The section titled “The Season of Advent Approaches” opened with Mendelssohn’s “Behold a Star from Jacob Shining,” one of the few choruses the composer managed to complete in the oratorio Christus before his early death at 38. The choral society singers achieved a full, rich sound with a nice blend in this piece, as they did in the arrangement of Bach’s “Jesu Joy of Man’s Desiring” which followed.
An arrangement of “The First Noel,” superimposed over Pachelbel’s famous Canon, was followed by the popular “Carol of the Bells” by Leontovich, and then a touch of Gospel music, Don Besig’s “Glory Hallelu!” featuring Michael Brooks, tenor.
During the interlude, in which a collection was taken, the instrumental ensemble (members of The Salisbury Symphony) performed Bach’s “Now Let Every Tongue Adore Him,” which reminded me of attending services in Moravian churches where there was a church band playing preludes and with the hymns, a nice tradition that other denominations might consider as ways of enriching their music programs.

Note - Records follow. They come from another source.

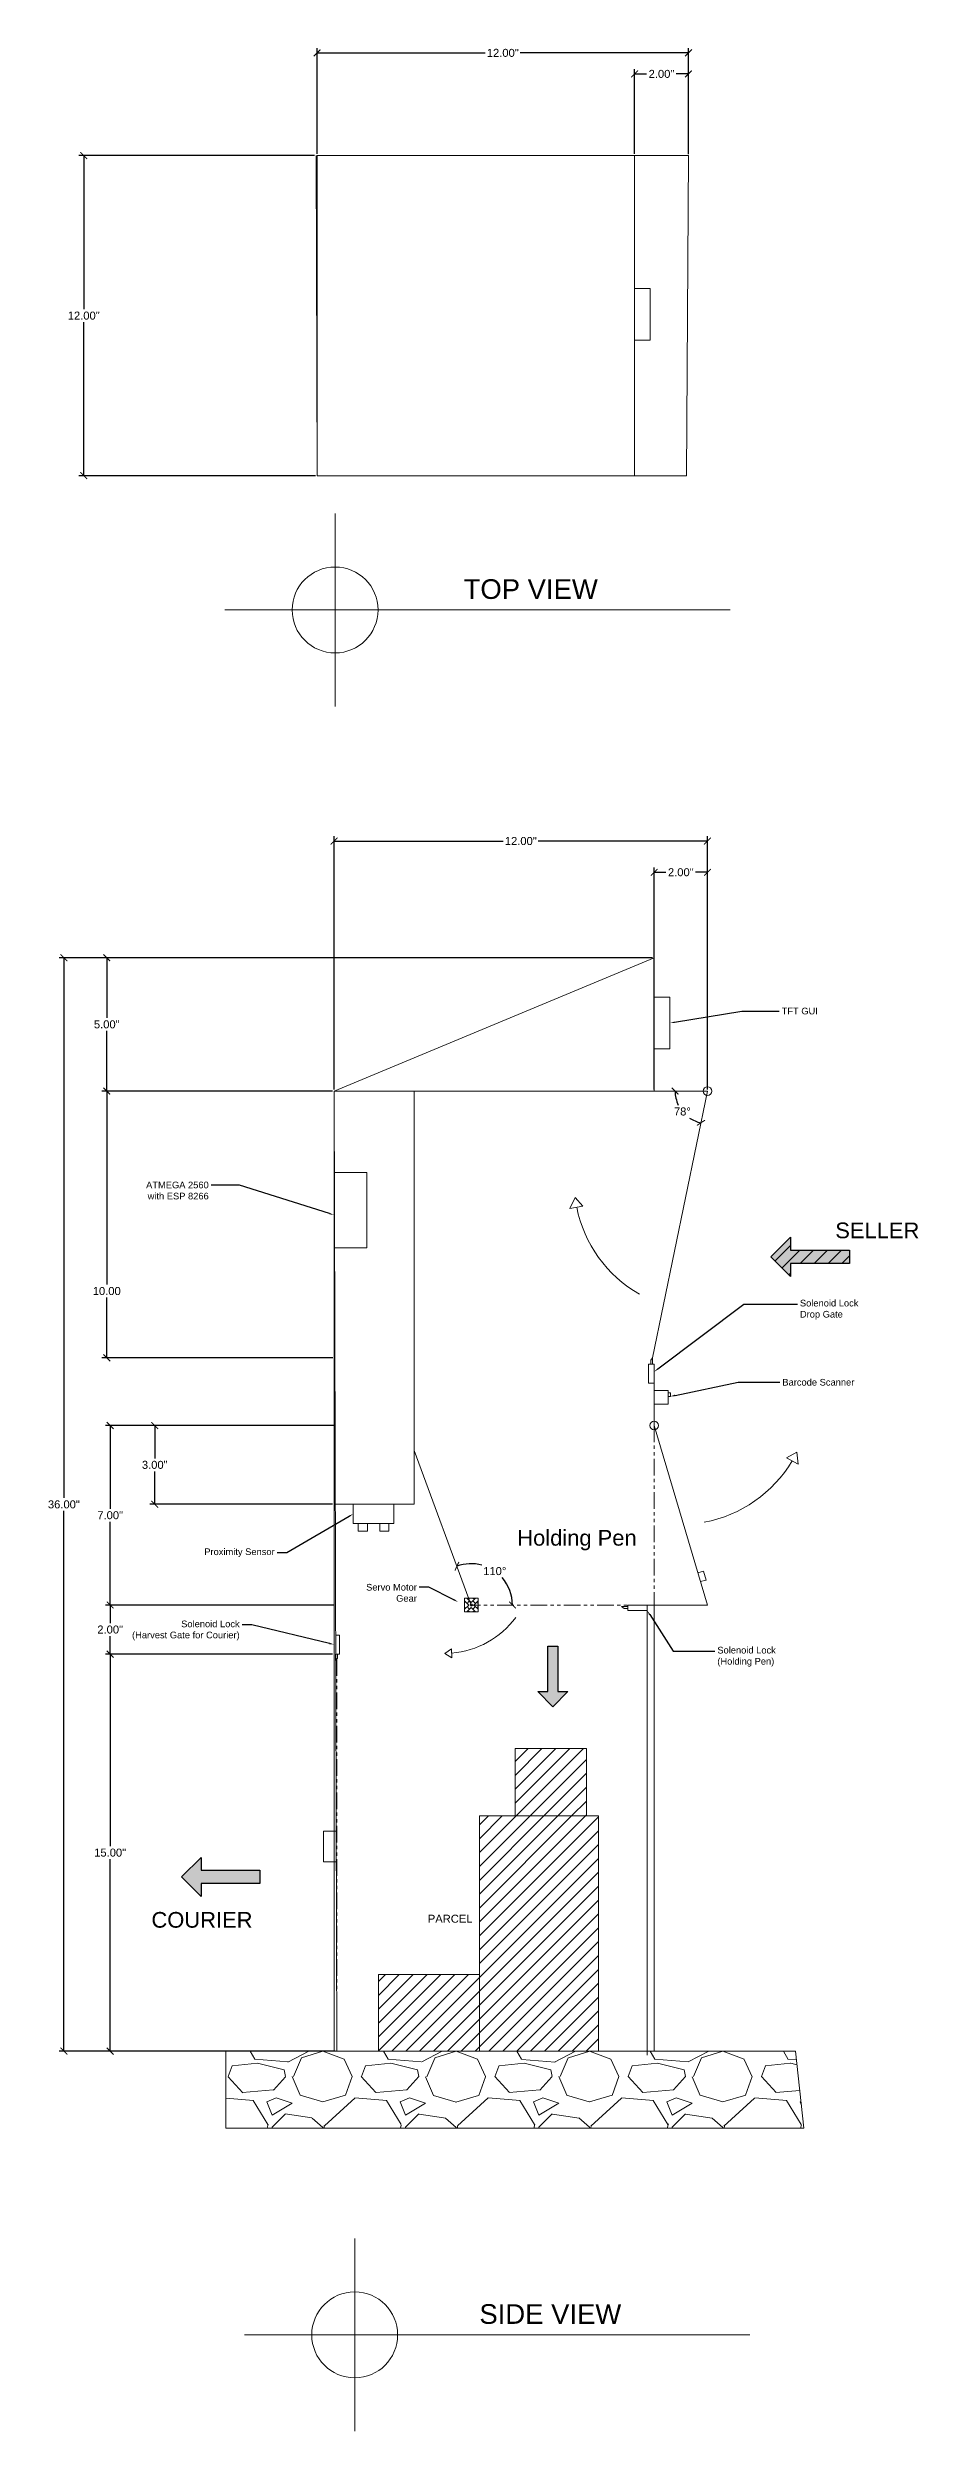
# Model space of a CAD drawing. Header units: inches. Extents: x 70 to 299, y 7 to 96.
# Drawn here: x 208.1 to 240.8, y 6.7 to 96.1 of the extents above; entities that cross this region are included whole.
import ezdxf
from ezdxf import colors
from ezdxf.entities.mleader import LeaderData, LeaderLine
from ezdxf.enums import TextEntityAlignment as Align
from ezdxf.math import Vec2, Vec3

# ---------------------------------------------------------------- set-up
doc = ezdxf.new("R2010")
doc.units = ezdxf.units.IN
doc.header["$MEASUREMENT"] = 0
doc.linetypes.add('PHANTOM2', pattern=[1.25, 0.625, -0.125, 0.125, -0.125, 0.125, -0.125])
doc.styles.get("Standard").update_dxf_attribs({"font": 'arial.ttf'})
doc.dimstyles.get("Standard").update_dxf_attribs({"dimtxt": 0.3, "dimasz": 0.255, "dimexe": 0.18, "dimexo": 0.0625, "dimgap": 0.09, "dimtad": 0, "dimtih": 1, "dimtoh": 1, "dimzin": 0, "dimdsep": 46, "dimtxsty": 'Standard', "dimblk": 'ARCHTICK', "dimcen": 0.09, "dimclrd": 5, "dimclre": 3, "dimadec": 0, "dimazin": 0, "dimtfac": 1, "dimtofl": 0, "dimtmove": 0, "dimatfit": 3, "dimfxl": 1, "dimtolj": 1, "dimtzin": 0, "dimarcsym": 0})
pattern_1 = [(45, (87.93517, -45.55746), (-0.2599737, 0.2599737), [])]

# ---------------------------------------------------------------- blocks, each defined once
blk = doc.blocks.new('*U1')
h = blk.add_hatch(color=0)
h.set_gradient(color1=(255, 255, 255), rotation=180, tint=1)
h.paths.add_polyline_path([(0, 0), (-0.25, -0.25), (-0.25, -0.085), (-1, -0.085), (-1, 0.085), (-0.25, 0.085), (-0.25, 0.25)])
at = {"color": 0, "linetype": 'Continuous'}
blk.add_lwpolyline([(0, 0), (-0.25, -0.25), (-0.25, -0.085), (-1, -0.085), (-1, 0.085), (-0.25, 0.085), (-0.25, 0.25)], close=True, dxfattribs=at)
blk = doc.blocks.new('_ArchTick')
at = {"color": 0, "linetype": 'ByBlock', "lineweight": 5, "const_width": 0.15}
blk.add_lwpolyline([(-0.5, -0.5), (0.5, 0.5)], dxfattribs=at)
blk = doc.blocks.new('*D49')
at = {"color": 5, "lineweight": -2, "transparency": 16777216}
for start, end in [(180, 205.57425), (236.31811, 258.38161)]:
    blk.add_arc((232.866, 56.988), 1.214, start, end, dxfattribs=at)
at = {"layer": 'Defpoints', "color": 0, "transparency": 16777216}
for p in [(230.866, 56.988), (231.776, 56.453), (232.866, 56.988), (232.866, 56.988), (232.455, 54.99)]:
    blk.add_point(p, dxfattribs=at)
at = {"color": 5, "lineweight": -2, "transparency": 16777216, "xscale": 0.255, "yscale": 0.255, "zscale": 0.255}
for p, rotation in [((231.651, 56.988), 89.99999999999974), ((232.621, 55.798), 348.3816102999683)]:
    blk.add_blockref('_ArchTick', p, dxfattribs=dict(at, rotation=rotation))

The Christmas section of the concert, titled “Will It Snow This Year?,” featured the artistry of Rebecca Stinson, a fine jazz stylist and soul singer. “The Christmas Song” by Mel Torme and Robert Wells, “I’ll Be Home for Christmas” by Kim Gannon and Walter Kent, was followed by the ever-popular “White Christmas” by Irving Berlin, and then “Sleigh Ride” by Mitchell Parris and Leroy Anderson. Bringing the program to a happy close was “Go Tell it on the Mountain,” with the choir belting it out and Stinson’s joyous performance reminding me of a wonderful black church service.
The world is fraught with many divisions today, but I believe that music can serve a healing role and reach out to our common humanity. The inclusive nature of this program by The Salisbury-Rowan Choral Society was a remarkable example of this, and I think that they made a very wise decision in choosing Sarah Hall as their new music director and conductor. I look forward to their future concerts and think they now have a good chance of celebrating their 100th birthday in style.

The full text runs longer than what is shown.